Saved entries

- Opening Delimiter -

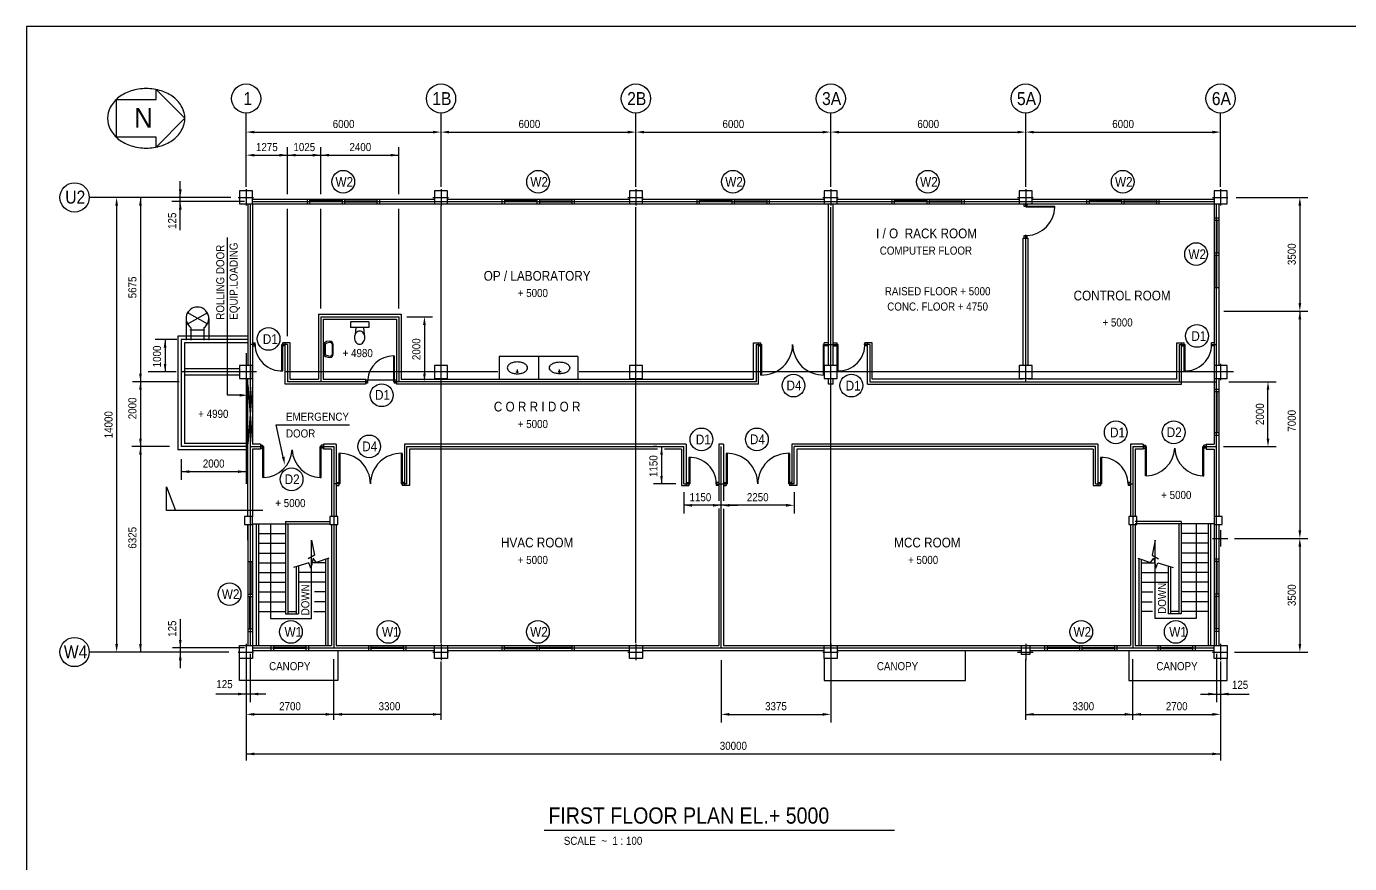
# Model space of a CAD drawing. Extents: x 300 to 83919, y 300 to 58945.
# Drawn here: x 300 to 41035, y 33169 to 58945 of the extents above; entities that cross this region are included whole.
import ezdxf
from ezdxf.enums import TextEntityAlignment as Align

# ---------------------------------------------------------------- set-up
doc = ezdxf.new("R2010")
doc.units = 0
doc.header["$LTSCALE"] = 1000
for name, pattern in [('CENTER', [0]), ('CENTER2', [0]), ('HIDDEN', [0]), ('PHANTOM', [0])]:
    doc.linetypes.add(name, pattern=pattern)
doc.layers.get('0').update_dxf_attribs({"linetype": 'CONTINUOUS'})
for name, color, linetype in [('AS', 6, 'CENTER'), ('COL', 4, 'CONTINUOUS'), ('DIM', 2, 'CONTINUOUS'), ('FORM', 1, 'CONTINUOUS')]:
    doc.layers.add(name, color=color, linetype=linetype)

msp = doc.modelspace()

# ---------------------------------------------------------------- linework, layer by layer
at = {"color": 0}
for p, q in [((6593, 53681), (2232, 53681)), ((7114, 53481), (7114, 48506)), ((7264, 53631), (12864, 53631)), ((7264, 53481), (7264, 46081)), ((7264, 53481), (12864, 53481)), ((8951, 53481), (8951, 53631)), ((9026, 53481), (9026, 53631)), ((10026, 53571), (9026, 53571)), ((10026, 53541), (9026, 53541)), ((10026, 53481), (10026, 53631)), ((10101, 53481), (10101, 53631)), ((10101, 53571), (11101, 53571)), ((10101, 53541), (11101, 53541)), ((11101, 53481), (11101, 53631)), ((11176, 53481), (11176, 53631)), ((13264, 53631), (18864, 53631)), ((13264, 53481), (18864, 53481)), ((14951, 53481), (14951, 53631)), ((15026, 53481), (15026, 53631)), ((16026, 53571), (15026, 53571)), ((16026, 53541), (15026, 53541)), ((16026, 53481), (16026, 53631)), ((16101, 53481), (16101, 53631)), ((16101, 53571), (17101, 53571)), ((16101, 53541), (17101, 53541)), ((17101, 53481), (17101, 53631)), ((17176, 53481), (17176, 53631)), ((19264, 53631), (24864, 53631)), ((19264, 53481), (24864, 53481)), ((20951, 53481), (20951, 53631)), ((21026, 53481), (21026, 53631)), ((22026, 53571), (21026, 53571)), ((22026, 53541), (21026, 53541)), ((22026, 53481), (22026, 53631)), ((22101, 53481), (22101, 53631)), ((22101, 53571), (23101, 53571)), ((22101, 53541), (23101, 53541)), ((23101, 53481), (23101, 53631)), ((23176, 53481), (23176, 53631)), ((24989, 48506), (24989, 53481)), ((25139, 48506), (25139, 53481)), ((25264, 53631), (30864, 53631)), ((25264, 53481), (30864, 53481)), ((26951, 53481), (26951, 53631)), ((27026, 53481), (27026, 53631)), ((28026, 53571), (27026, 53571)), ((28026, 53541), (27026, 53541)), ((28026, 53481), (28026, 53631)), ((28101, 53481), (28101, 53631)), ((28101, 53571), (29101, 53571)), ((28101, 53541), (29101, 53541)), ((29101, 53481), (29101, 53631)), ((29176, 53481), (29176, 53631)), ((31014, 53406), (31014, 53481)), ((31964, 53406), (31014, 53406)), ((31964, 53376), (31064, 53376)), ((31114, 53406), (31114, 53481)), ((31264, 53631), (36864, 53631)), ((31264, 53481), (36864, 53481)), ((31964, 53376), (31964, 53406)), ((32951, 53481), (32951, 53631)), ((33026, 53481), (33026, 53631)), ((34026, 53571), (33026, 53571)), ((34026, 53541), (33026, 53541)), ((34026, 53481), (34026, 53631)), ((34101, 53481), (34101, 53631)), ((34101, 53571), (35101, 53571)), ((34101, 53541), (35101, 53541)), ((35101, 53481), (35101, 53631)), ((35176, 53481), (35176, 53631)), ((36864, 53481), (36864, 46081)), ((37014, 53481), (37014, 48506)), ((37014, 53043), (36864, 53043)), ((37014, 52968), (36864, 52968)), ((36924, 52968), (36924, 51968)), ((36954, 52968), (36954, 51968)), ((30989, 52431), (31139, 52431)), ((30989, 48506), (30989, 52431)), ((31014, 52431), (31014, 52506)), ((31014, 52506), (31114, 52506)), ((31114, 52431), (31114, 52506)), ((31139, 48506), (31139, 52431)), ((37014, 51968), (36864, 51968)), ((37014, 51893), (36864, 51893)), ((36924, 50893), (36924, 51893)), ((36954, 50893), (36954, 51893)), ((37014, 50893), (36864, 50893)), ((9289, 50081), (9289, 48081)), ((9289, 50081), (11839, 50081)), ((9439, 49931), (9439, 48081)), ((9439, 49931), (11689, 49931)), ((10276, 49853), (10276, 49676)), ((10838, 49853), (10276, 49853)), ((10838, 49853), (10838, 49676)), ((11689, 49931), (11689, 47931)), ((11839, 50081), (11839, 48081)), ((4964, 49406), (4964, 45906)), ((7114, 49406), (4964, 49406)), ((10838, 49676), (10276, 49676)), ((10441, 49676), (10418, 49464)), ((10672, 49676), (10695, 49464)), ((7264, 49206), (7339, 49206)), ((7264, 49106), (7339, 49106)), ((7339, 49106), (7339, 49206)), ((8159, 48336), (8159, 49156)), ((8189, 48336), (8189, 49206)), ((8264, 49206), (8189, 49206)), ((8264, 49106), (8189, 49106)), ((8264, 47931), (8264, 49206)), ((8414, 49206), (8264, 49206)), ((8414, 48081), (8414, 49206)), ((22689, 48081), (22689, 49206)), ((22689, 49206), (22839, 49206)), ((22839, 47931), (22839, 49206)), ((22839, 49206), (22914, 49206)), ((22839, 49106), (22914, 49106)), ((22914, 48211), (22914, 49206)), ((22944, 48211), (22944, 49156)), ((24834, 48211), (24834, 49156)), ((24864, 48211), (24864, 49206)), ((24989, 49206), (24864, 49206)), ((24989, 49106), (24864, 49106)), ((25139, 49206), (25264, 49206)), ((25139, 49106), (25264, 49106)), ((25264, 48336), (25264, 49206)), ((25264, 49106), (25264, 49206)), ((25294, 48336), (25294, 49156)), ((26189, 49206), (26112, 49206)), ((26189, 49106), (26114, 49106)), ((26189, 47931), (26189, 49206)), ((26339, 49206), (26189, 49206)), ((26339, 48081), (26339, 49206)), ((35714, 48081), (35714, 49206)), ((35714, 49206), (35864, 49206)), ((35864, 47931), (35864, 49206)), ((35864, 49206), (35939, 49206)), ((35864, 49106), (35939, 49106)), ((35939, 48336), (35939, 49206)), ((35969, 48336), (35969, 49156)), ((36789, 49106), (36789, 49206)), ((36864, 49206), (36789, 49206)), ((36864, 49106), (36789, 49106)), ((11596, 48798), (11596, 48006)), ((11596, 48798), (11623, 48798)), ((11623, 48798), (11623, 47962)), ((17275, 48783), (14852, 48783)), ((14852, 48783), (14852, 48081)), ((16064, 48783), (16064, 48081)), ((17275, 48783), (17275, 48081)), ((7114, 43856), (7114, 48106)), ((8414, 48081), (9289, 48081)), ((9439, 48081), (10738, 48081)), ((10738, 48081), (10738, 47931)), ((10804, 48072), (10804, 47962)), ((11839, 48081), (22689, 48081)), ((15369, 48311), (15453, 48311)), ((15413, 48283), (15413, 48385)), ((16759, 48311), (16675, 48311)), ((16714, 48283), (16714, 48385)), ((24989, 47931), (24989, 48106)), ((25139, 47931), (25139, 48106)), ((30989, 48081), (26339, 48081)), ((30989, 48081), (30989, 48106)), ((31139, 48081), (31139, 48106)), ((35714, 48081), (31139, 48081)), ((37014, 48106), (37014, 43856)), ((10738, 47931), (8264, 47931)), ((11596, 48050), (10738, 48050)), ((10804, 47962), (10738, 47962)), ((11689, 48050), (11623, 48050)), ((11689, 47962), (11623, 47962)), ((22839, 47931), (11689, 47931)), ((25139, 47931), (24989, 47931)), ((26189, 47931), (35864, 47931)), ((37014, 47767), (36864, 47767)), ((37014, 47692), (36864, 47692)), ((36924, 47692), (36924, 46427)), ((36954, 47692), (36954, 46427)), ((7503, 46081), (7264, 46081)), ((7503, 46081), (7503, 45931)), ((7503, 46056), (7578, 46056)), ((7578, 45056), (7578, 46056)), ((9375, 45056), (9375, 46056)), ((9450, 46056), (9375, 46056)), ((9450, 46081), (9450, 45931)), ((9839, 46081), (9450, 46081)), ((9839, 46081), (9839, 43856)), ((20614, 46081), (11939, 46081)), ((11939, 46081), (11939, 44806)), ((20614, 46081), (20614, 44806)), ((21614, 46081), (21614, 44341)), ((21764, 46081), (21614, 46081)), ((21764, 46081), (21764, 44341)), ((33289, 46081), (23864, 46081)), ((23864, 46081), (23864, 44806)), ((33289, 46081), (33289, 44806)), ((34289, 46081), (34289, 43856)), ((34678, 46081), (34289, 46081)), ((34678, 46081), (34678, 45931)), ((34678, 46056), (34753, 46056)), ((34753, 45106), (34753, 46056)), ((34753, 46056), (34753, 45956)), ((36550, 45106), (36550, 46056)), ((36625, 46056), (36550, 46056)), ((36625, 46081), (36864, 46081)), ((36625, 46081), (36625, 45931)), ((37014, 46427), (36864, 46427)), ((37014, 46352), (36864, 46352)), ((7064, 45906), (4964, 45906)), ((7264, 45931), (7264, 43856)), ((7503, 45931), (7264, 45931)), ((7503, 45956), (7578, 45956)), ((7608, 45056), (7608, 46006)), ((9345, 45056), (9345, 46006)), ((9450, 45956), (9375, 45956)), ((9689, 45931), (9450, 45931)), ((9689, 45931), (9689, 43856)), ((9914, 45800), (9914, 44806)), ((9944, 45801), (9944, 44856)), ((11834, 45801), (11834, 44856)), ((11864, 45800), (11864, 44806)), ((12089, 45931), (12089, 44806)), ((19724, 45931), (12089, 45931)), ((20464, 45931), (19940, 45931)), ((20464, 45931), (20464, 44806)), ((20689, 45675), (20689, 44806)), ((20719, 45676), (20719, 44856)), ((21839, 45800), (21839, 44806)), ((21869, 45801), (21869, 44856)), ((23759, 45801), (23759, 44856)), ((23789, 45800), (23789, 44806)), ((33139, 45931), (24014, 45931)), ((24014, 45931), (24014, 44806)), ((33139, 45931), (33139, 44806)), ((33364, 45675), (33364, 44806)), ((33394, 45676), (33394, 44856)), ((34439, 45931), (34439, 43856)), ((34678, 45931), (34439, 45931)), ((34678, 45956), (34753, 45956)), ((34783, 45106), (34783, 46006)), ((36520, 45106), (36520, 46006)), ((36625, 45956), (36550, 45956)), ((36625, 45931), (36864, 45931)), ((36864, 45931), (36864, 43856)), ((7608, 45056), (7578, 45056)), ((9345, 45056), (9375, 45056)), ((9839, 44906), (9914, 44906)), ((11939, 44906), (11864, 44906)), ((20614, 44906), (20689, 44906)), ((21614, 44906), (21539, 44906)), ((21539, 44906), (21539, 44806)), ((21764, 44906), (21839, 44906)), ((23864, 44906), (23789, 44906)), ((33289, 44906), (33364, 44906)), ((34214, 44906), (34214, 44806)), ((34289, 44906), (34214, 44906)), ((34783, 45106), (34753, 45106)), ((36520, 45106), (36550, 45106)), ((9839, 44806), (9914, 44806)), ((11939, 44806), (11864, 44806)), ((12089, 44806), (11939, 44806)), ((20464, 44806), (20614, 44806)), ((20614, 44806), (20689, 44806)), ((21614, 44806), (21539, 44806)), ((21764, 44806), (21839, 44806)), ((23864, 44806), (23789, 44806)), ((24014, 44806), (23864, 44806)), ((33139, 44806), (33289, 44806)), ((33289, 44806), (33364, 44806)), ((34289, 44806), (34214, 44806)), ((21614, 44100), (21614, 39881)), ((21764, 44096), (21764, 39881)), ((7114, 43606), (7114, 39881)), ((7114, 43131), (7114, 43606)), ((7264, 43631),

- Closing Delimiter -

Task brief -> Beginning at the line with "for name, color, linetype" and stopping after the line with "msp = doc.modelspace()", please write out every line of the data above exactly and nothing else.

Solution for this problem ->
for name, color, linetype in [('AS', 6, 'CENTER'), ('COL', 4, 'CONTINUOUS'), ('DIM', 2, 'CONTINUOUS'), ('FORM', 1, 'CONTINUOUS')]:
    doc.layers.add(name, color=color, linetype=linetype)

msp = doc.modelspace()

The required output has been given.